_What is being asked_: Below are records; reproduce exactly the lines from the one that has "#72=VERTEX_POINT('',#71);" through the one that has "#80=EDGE_CURVE('E185',#72,#34,#79,.T.);", ends included, and nothing more.

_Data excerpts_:
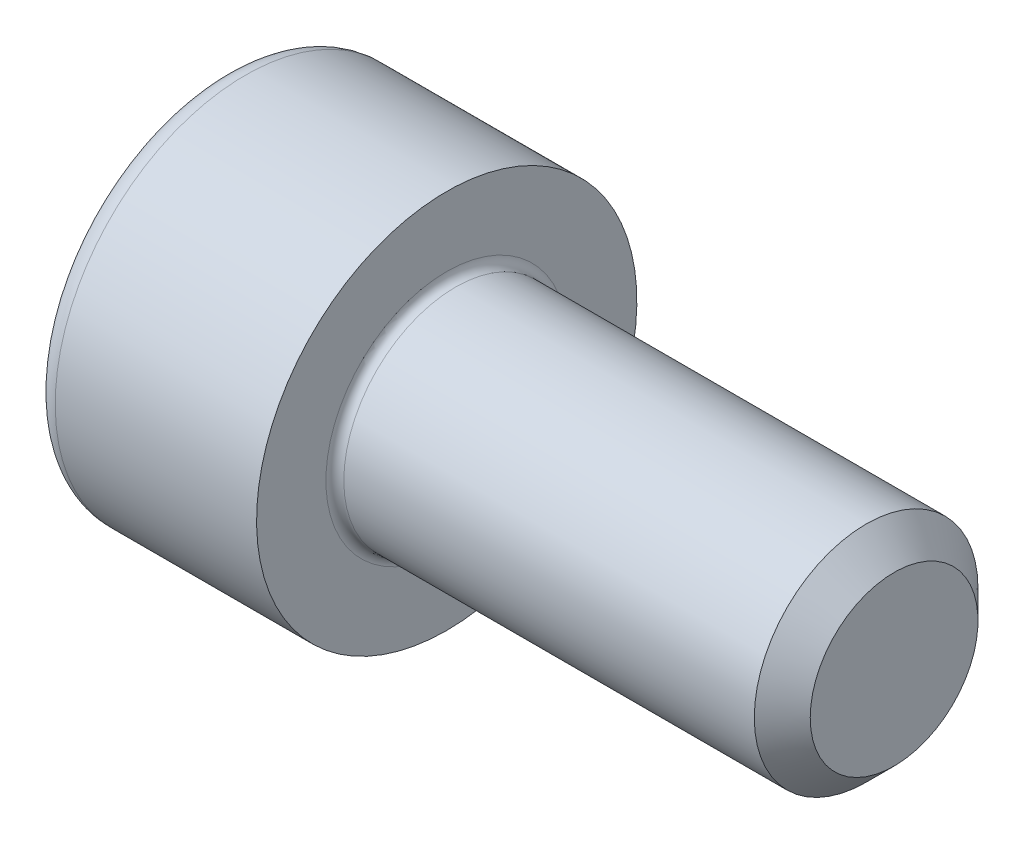
ISO-10303-21;
HEADER;
FILE_DESCRIPTION(('STEP AP214'),'2;1');
FILE_NAME('part.step','',(''),(''),'','','');
FILE_SCHEMA(('AUTOMOTIVE_DESIGN { 1 0 10303 214 1 1 1 1 }'));
ENDSEC;
DATA;
#1=APPLICATION_CONTEXT('core data for automotive mechanical design processes');
#2=APPLICATION_PROTOCOL_DEFINITION('international standard','automotive_design',2000,#1);
#3=PRODUCT_CONTEXT('',#1,'mechanical');
#4=PRODUCT('Part','Part','',(#3));
#5=PRODUCT_RELATED_PRODUCT_CATEGORY('part','',(#4));
#6=PRODUCT_DEFINITION_FORMATION('','',#4);
#7=PRODUCT_DEFINITION_CONTEXT('part definition',#1,'design');
#8=PRODUCT_DEFINITION('design','',#6,#7);
#9=PRODUCT_DEFINITION_SHAPE('','',#8);
#10=(LENGTH_UNIT() NAMED_UNIT(*) SI_UNIT(.MILLI.,.METRE.));
#11=(NAMED_UNIT(*) PLANE_ANGLE_UNIT() SI_UNIT($,.RADIAN.));
#12=(NAMED_UNIT(*) SI_UNIT($,.STERADIAN.) SOLID_ANGLE_UNIT());
#13=UNCERTAINTY_MEASURE_WITH_UNIT(LENGTH_MEASURE(1.E-05),#10,'distance_accuracy_value','');
#14=(GEOMETRIC_REPRESENTATION_CONTEXT(3) GLOBAL_UNCERTAINTY_ASSIGNED_CONTEXT((#13)) GLOBAL_UNIT_ASSIGNED_CONTEXT((#10,
#11,#12)) REPRESENTATION_CONTEXT('',''));
#15=CARTESIAN_POINT('',(0.,0.,0.));
#16=DIRECTION('',(0.,0.,1.));
#17=DIRECTION('',(1.,0.,0.));
#18=AXIS2_PLACEMENT_3D('',#15,#16,#17);
#19=CARTESIAN_POINT('',(-1.99999999995271,0.,0.));
#20=DIRECTION('',(-1.,0.,0.));
#21=DIRECTION('',(0.,0.,1.));
#22=AXIS2_PLACEMENT_3D('',#19,#20,#21);
#23=CONICAL_SURFACE('',#22,1.83319999985088,1.04719755109013);
#24=CARTESIAN_POINT('',(-0.941601486488253,-1.13686837721616E-10,0.));
#25=VERTEX_POINT('',#24);
#26=VERTEX_LOOP('',#25);
#27=FACE_BOUND('',#26,.T.);
#28=CARTESIAN_POINT('',(-2.00000000001834,0.,0.));
#29=DIRECTION('',(-1.,0.,0.));
#30=DIRECTION('',(0.,0.,1.));
#31=AXIS2_PLACEMENT_3D('',#28,#29,#30);
#32=CIRCLE('',#31,1.83319999996456);
#33=CARTESIAN_POINT('',(-2.00000000001834,-0.916599999982282,-1.58759777018694));
#34=VERTEX_POINT('',#33);
#35=CARTESIAN_POINT('',(-2.00000000001834,-1.83319999996456,0.));
#36=VERTEX_POINT('',#35);
#37=EDGE_CURVE('E89',#34,#36,#32,.T.);
#38=ORIENTED_EDGE('',*,*,#37,.T.);
#39=CARTESIAN_POINT('',(-2.00000000001834,0.,0.));
#40=DIRECTION('',(-1.,0.,0.));
#41=DIRECTION('',(0.,0.,1.));
#42=AXIS2_PLACEMENT_3D('',#39,#40,#41);
#43=CIRCLE('',#42,1.83319999996456);
#44=CARTESIAN_POINT('',(-2.00000000001834,-0.916599999982281,1.58759777018694));
#45=VERTEX_POINT('',#44);
#46=EDGE_CURVE('E84',#36,#45,#43,.T.);
#47=ORIENTED_EDGE('',*,*,#46,.T.);
#48=CARTESIAN_POINT('',(-2.00000000001834,0.,0.));
#49=DIRECTION('',(-1.,0.,0.));
#50=DIRECTION('',(0.,0.,1.));
#51=AXIS2_PLACEMENT_3D('',#48,#49,#50);
#52=CIRCLE('',#51,1.83319999996456);
#53=CARTESIAN_POINT('',(-1.99999999995271,0.916599999925436,1.58759777008849));
#54=VERTEX_POINT('',#53);
#55=EDGE_CURVE('E86',#45,#54,#52,.T.);
#56=ORIENTED_EDGE('',*,*,#55,.T.);
#57=CARTESIAN_POINT('',(-1.99999999995271,0.,0.));
#58=DIRECTION('',(-1.,0.,0.));
#59=DIRECTION('',(0.,0.,1.));
#60=AXIS2_PLACEMENT_3D('',#57,#58,#59);
#61=CIRCLE('',#60,1.83319999985088);
#62=CARTESIAN_POINT('',(-1.99999999995271,1.83319999985088,0.));
#63=VERTEX_POINT('',#62);
#64=EDGE_CURVE('E100',#54,#63,#61,.T.);
#65=ORIENTED_EDGE('',*,*,#64,.T.);
#66=CARTESIAN_POINT('',(-2.00000000001834,0.,0.));
#67=DIRECTION('',(-1.,0.,0.));
#68=DIRECTION('',(0.,0.,1.));
#69=AXIS2_PLACEMENT_3D('',#66,#67,#68);
#70=CIRCLE('',#69,1.83319999996456);
#71=CARTESIAN_POINT('',(-2.00000000001834,0.91659999998228,-1.58759777018694));
#72=VERTEX_POINT('',#71);
#73=EDGE_CURVE('E187',#63,#72,#70,.T.);
#74=ORIENTED_EDGE('',*,*,#73,.T.);
#75=CARTESIAN_POINT('',(-2.00000000001834,0.,0.));
#76=DIRECTION('',(-1.,0.,0.));
#77=DIRECTION('',(0.,0.,1.));
#78=AXIS2_PLACEMENT_3D('',#75,#76,#77);
#79=CIRCLE('',#78,1.83319999996456);
#80=EDGE_CURVE('E185',#72,#34,#79,.T.);
#81=ORIENTED_EDGE('',*,*,#80,.T.);
#82=EDGE_LOOP('',(#38,#47,#56,#65,#74,#81));
#83=FACE_BOUND('',#82,.T.);
#84=ADVANCED_FACE('F17',(#27,#83),#23,.F.);
#85=CARTESIAN_POINT('',(-2.,0.,0.));
#86=DIRECTION('',(-1.,0.,0.));
#87=DIRECTION('',(0.,-1.,0.));
#88=AXIS2_PLACEMENT_3D('',#85,#86,#87);
#89=PLANE('',#88);
#90=ORIENTED_EDGE('',*,*,#55,.F.);
#91=DIRECTION('',(0.,-1.,0.));
#92=VECTOR('',#91,1.);
#93=CARTESIAN_POINT('',(-2.,-0.9166,1.58759777021763));
#94=LINE('',#93,#92);
#95=EDGE_CURVE('E94',#45,#54,#94,.F.);
#96=ORIENTED_EDGE('',*,*,#95,.T.);
#97=EDGE_LOOP('',(#90,#96));
#98=FACE_BOUND('',#97,.T.);
#99=ADVANCED_FACE('F97',(#98),#89,.F.);
#100=CARTESIAN_POINT('',(-2.,0.,0.));
#101=DIRECTION('',(-1.,0.,0.));
#102=DIRECTION('',(0.,-1.,0.));
#103=AXIS2_PLACEMENT_3D('',#100,#101,#102);
#104=PLANE('',#103);
#105=ORIENTED_EDGE('',*,*,#64,.F.);
#106=DIRECTION('',(0.,-0.5,0.866025403784439));
#107=VECTOR('',#106,1.);
#108=CARTESIAN_POINT('',(-2.,0.9166,1.58759777021763));
#109=LINE('',#108,#107);
#110=EDGE_CURVE('E163',#54,#63,#109,.F.);
#111=ORIENTED_EDGE('',*,*,#110,.T.);
#112=EDGE_LOOP('',(#105,#111));
#113=FACE_BOUND('',#112,.T.);
#114=ADVANCED_FACE('F294',(#113),#104,.F.);
#115=CARTESIAN_POINT('',(-2.,0.,0.));
#116=DIRECTION('',(-1.,0.,0.));
#117=DIRECTION('',(0.,-1.,0.));
#118=AXIS2_PLACEMENT_3D('',#115,#116,#117);
#119=PLANE('',#118);
#120=ORIENTED_EDGE('',*,*,#73,.F.);
#121=DIRECTION('',(0.,0.5,0.866025403784439));
#122=VECTOR('',#121,1.);
#123=CARTESIAN_POINT('',(-2.,1.8332,0.));
#124=LINE('',#123,#122);
#125=EDGE_CURVE('E152',#63,#72,#124,.F.);
#126=ORIENTED_EDGE('',*,*,#125,.T.);
#127=EDGE_LOOP('',(#120,#126));
#128=FACE_BOUND('',#127,.T.);
#129=ADVANCED_FACE('F298',(#128),#119,.F.);
#130=CARTESIAN_POINT('',(-2.,0.,0.));
#131=DIRECTION('',(-1.,0.,0.));
#132=DIRECTION('',(0.,-1.,0.));
#133=AXIS2_PLACEMENT_3D('',#130,#131,#132);
#134=PLANE('',#133);
#135=ORIENTED_EDGE('',*,*,#80,.F.);
#136=DIRECTION('',(0.,1.,0.));
#137=VECTOR('',#136,1.);
#138=CARTESIAN_POINT('',(-2.,0.9166,-1.58759777021763));
#139=LINE('',#138,#137);
#140=EDGE_CURVE('E140',#72,#34,#139,.F.);
#141=ORIENTED_EDGE('',*,*,#140,.T.);
#142=EDGE_LOOP('',(#135,#141));
#143=FACE_BOUND('',#142,.T.);
#144=ADVANCED_FACE('F305',(#143),#134,.F.);
#145=CARTESIAN_POINT('',(-2.,0.,0.));
#146=DIRECTION('',(-1.,0.,0.));
#147=DIRECTION('',(0.,-1.,0.));
#148=AXIS2_PLACEMENT_3D('',#145,#146,#147);
#149=PLANE('',#148);
#150=ORIENTED_EDGE('',*,*,#37,.F.);
#151=DIRECTION('',(0.,0.5,-0.866025403784438));
#152=VECTOR('',#151,1.);
#153=CARTESIAN_POINT('',(-2.,-0.9166,-1.58759777021763));
#154=LINE('',#153,#152);
#155=EDGE_CURVE('E126',#34,#36,#154,.F.);
#156=ORIENTED_EDGE('',*,*,#155,.T.);
#157=EDGE_LOOP('',(#150,#156));
#158=FACE_BOUND('',#157,.T.);
#159=ADVANCED_FACE('F308',(#158),#149,.F.);
#160=CARTESIAN_POINT('',(-2.,0.,0.));
#161=DIRECTION('',(-1.,0.,0.));
#162=DIRECTION('',(0.,-1.,0.));
#163=AXIS2_PLACEMENT_3D('',#160,#161,#162);
#164=PLANE('',#163);
#165=ORIENTED_EDGE('',*,*,#46,.F.);
#166=DIRECTION('',(0.,-0.5,-0.866025403784438));
#167=VECTOR('',#166,1.);
#168=CARTESIAN_POINT('',(-2.,-1.8332,0.));
#169=LINE('',#168,#167);
#170=EDGE_CURVE('E102',#36,#45,#169,.F.);
#171=ORIENTED_EDGE('',*,*,#170,.T.);
#172=EDGE_LOOP('',(#165,#171));
#173=FACE_BOUND('',#172,.T.);
#174=ADVANCED_FACE('F103',(#173),#164,.F.);
#175=CARTESIAN_POINT('',(-2.,-0.9166,1.58759777021763));
#176=DIRECTION('',(0.,0.,1.));
#177=DIRECTION('',(0.,-1.,0.));
#178=AXIS2_PLACEMENT_3D('',#175,#176,#177);
#179=PLANE('',#178);
#180=DIRECTION('',(1.,0.,0.));
#181=VECTOR('',#180,1.);
#182=CARTESIAN_POINT('',(-2.,0.9166,1.58759777021763));
#183=LINE('',#182,#181);
#184=CARTESIAN_POINT('',(-4.,0.916599999999999,1.58759777021763));
#185=VERTEX_POINT('',#184);
#186=EDGE_CURVE('E114',#185,#54,#183,.T.);
#187=ORIENTED_EDGE('',*,*,#186,.T.);
#188=ORIENTED_EDGE('',*,*,#95,.F.);
#189=DIRECTION('',(1.,0.,0.));
#190=VECTOR('',#189,1.);
#191=CARTESIAN_POINT('',(-2.,-0.9166,1.58759777021763));
#192=LINE('',#191,#190);
#193=CARTESIAN_POINT('',(-4.,-0.9166,1.58759777021763));
#194=VERTEX_POINT('',#193);
#195=EDGE_CURVE('E107',#45,#194,#192,.F.);
#196=ORIENTED_EDGE('',*,*,#195,.T.);
#197=DIRECTION('',(0.,1.,0.));
#198=VECTOR('',#197,1.);
#199=CARTESIAN_POINT('',(-4.,1.8332,1.58759777021763));
#200=LINE('',#199,#198);
#201=EDGE_CURVE('E121',#194,#185,#200,.T.);
#202=ORIENTED_EDGE('',*,*,#201,.T.);
#203=EDGE_LOOP('',(#187,#188,#196,#202));
#204=FACE_BOUND('',#203,.T.);
#205=ADVANCED_FACE('F111',(#204),#179,.F.);
#206=CARTESIAN_POINT('',(-2.,0.9166,1.58759777021763));
#207=DIRECTION('',(0.,0.866025403784439,0.5));
#208=DIRECTION('',(0.,-0.5,0.866025403784439));
#209=AXIS2_PLACEMENT_3D('',#206,#207,#208);
#210=PLANE('',#209);
#211=DIRECTION('',(1.,0.,0.));
#212=VECTOR('',#211,1.);
#213=CARTESIAN_POINT('',(-2.,1.8332,0.));
#214=LINE('',#213,#212);
#215=CARTESIAN_POINT('',(-4.,1.8332,0.));
#216=VERTEX_POINT('',#215);
#217=EDGE_CURVE('E157',#216,#63,#214,.T.);
#218=ORIENTED_EDGE('',*,*,#217,.T.);
#219=ORIENTED_EDGE('',*,*,#110,.F.);
#220=ORIENTED_EDGE('',*,*,#186,.F.);
#221=DIRECTION('',(0.,0.500000000000001,-0.866025403784438));
#222=VECTOR('',#221,1.);
#223=CARTESIAN_POINT('',(-4.,0.9166,1.58759777021763));
#224=LINE('',#223,#222);
#225=EDGE_CURVE('E123',#185,#216,#224,.T.);
#226=ORIENTED_EDGE('',*,*,#225,.T.);
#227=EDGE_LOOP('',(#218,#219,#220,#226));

_Task result_:
#72=VERTEX_POINT('',#71);
#73=EDGE_CURVE('E187',#63,#72,#70,.T.);
#74=ORIENTED_EDGE('',*,*,#73,.T.);
#75=CARTESIAN_POINT('',(-2.00000000001834,0.,0.));
#76=DIRECTION('',(-1.,0.,0.));
#77=DIRECTION('',(0.,0.,1.));
#78=AXIS2_PLACEMENT_3D('',#75,#76,#77);
#79=CIRCLE('',#78,1.83319999996456);
#80=EDGE_CURVE('E185',#72,#34,#79,.T.);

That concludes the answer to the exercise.